I called the only listed number bearing his last name and it belonged to his sister Mary, with whom he was living. She was cordial as I explained my connection to her brother from years ago. She said she would tell him I called, and I left my number. Soon Philip returned my call and enthusiastically invited me to come to their home.

Their home as well as his van was well-equipped to accommodate Philip and his wheel-chair. A ramp circled the back room entrance, which was centered around a large electronic organ console. After we spent an hour catching up on how we had both spent the last seventeen years, Philip demonstrated his project of recording music and adapting organ consoles for people who needed a manual pedal and recording arrangement like himself. He was in touch with several disabled organists, and he was convinced that instruments could be adapted so that their skills would not be lost.

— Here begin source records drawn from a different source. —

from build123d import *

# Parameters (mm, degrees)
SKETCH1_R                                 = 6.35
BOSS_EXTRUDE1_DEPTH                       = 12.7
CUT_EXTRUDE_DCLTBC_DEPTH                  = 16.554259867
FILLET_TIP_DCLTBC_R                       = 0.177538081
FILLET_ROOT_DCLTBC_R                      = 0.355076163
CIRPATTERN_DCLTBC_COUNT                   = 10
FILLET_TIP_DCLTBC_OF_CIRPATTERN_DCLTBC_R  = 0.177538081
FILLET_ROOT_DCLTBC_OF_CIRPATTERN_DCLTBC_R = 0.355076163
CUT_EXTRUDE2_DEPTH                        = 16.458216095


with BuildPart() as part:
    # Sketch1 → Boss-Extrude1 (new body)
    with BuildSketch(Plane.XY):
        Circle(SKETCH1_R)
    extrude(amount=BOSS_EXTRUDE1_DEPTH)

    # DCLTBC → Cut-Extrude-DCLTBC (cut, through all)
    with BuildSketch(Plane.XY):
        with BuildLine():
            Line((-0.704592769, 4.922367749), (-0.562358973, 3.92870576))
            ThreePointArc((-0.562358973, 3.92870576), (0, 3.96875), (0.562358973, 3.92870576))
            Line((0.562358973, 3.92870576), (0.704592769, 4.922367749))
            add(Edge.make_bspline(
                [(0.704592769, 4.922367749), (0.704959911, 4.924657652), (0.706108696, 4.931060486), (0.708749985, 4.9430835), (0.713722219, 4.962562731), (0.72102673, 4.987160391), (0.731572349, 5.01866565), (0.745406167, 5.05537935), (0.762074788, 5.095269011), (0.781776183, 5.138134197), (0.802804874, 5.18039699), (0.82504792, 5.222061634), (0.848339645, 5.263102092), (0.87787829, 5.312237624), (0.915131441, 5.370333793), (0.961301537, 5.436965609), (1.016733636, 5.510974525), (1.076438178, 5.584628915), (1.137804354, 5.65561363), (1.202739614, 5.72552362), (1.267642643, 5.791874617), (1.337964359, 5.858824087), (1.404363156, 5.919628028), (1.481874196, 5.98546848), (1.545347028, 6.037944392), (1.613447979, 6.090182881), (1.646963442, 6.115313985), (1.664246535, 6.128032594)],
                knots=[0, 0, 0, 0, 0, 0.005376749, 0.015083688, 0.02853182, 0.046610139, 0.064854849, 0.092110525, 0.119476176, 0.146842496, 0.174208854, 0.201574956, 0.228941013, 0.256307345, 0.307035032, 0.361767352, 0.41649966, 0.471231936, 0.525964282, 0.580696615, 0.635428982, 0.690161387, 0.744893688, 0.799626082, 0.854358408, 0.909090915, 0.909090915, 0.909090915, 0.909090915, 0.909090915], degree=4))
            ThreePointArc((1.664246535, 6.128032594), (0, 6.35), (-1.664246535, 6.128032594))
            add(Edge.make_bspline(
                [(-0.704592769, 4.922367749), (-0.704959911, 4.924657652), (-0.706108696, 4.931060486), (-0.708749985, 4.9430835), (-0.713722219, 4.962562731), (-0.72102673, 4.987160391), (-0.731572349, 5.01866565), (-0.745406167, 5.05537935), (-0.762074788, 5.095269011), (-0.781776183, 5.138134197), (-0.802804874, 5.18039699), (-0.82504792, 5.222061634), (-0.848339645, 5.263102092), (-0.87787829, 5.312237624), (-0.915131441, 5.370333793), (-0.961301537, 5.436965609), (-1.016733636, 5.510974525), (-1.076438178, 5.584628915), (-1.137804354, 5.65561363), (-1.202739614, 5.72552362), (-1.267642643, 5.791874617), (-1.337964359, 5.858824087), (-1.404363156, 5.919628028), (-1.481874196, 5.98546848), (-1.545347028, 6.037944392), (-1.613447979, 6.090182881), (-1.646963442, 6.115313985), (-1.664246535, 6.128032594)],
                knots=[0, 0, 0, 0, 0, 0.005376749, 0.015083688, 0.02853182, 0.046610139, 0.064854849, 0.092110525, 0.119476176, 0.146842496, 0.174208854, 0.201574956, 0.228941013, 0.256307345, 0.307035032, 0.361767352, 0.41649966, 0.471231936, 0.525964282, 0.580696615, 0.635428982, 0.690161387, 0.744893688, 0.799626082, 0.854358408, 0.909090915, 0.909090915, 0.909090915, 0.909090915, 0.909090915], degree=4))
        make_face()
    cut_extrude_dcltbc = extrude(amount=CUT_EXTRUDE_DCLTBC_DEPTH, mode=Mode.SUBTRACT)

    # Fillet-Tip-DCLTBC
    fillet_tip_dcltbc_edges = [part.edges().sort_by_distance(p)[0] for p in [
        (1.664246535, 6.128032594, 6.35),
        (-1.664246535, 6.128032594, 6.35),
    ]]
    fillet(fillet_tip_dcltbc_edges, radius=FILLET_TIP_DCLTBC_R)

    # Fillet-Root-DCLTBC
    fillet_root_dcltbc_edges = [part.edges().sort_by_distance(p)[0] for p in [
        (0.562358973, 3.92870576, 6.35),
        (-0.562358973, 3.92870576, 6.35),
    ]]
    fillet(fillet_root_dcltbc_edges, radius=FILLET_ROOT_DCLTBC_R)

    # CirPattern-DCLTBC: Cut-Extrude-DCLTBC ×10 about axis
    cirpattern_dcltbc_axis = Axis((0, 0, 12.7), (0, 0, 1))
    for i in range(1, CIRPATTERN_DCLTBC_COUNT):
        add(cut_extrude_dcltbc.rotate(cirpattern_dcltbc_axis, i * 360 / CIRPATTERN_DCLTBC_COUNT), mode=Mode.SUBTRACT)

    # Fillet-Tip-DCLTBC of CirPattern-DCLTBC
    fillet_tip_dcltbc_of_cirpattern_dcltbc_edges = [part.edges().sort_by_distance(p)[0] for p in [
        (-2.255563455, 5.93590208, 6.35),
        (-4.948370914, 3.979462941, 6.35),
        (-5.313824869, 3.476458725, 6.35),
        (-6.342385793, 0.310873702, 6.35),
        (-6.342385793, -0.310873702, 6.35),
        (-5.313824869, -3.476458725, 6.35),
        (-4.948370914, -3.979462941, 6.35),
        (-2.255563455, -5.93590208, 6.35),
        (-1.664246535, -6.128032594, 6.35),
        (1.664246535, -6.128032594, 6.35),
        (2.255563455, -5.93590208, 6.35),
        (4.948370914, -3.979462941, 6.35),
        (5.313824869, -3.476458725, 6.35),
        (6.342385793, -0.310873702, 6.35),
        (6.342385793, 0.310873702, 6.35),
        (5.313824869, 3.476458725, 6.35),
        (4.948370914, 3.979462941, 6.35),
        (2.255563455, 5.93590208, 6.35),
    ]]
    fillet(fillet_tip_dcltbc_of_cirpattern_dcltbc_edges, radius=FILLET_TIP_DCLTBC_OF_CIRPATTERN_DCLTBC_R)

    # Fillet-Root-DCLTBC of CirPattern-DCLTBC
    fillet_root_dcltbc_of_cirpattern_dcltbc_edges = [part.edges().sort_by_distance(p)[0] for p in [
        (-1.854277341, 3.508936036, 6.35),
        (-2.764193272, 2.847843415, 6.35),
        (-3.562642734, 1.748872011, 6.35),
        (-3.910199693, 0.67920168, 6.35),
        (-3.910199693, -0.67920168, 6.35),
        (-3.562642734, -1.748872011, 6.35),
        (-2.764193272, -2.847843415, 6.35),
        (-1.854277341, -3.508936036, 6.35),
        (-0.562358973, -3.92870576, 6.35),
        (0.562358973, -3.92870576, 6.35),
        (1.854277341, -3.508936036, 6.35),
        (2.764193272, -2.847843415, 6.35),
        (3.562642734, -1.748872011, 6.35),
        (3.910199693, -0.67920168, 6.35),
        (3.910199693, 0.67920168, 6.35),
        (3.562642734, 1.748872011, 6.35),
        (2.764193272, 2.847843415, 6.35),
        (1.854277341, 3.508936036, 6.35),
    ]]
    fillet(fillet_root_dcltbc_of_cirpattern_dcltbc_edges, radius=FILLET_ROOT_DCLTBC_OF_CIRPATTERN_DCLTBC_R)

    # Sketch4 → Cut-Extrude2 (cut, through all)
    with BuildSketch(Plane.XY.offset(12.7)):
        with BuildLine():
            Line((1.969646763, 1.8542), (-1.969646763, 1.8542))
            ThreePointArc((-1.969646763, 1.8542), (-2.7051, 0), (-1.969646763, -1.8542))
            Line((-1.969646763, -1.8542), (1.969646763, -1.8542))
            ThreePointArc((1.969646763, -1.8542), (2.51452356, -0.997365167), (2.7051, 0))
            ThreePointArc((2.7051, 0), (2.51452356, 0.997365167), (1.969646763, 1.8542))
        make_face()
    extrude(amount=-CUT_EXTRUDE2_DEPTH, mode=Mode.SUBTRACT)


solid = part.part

His ministry had been redirected, but he had not lost his desire to serve.

Over the three years that followed, we visited every two or three months. He continually tried to accept and adapt to the limits that his disease imposed. He had been able to slow the progress of the disease and work with the disabling effects, much like Stephen Hawking, and he was not quitting. He chafed at having his choices increasingly limited. He sought ways to have new choices, and in that search he proposed that he come to Minonk and investigate the possibility of living there independently.  I would have to drive his van, since he knew that the miles were more than he could drive, along with the regular daily tasks of self-care he had to manage. He had to return to his home with Mary by evening. He had already made arrangements to see an apartment in the local subsidized housing.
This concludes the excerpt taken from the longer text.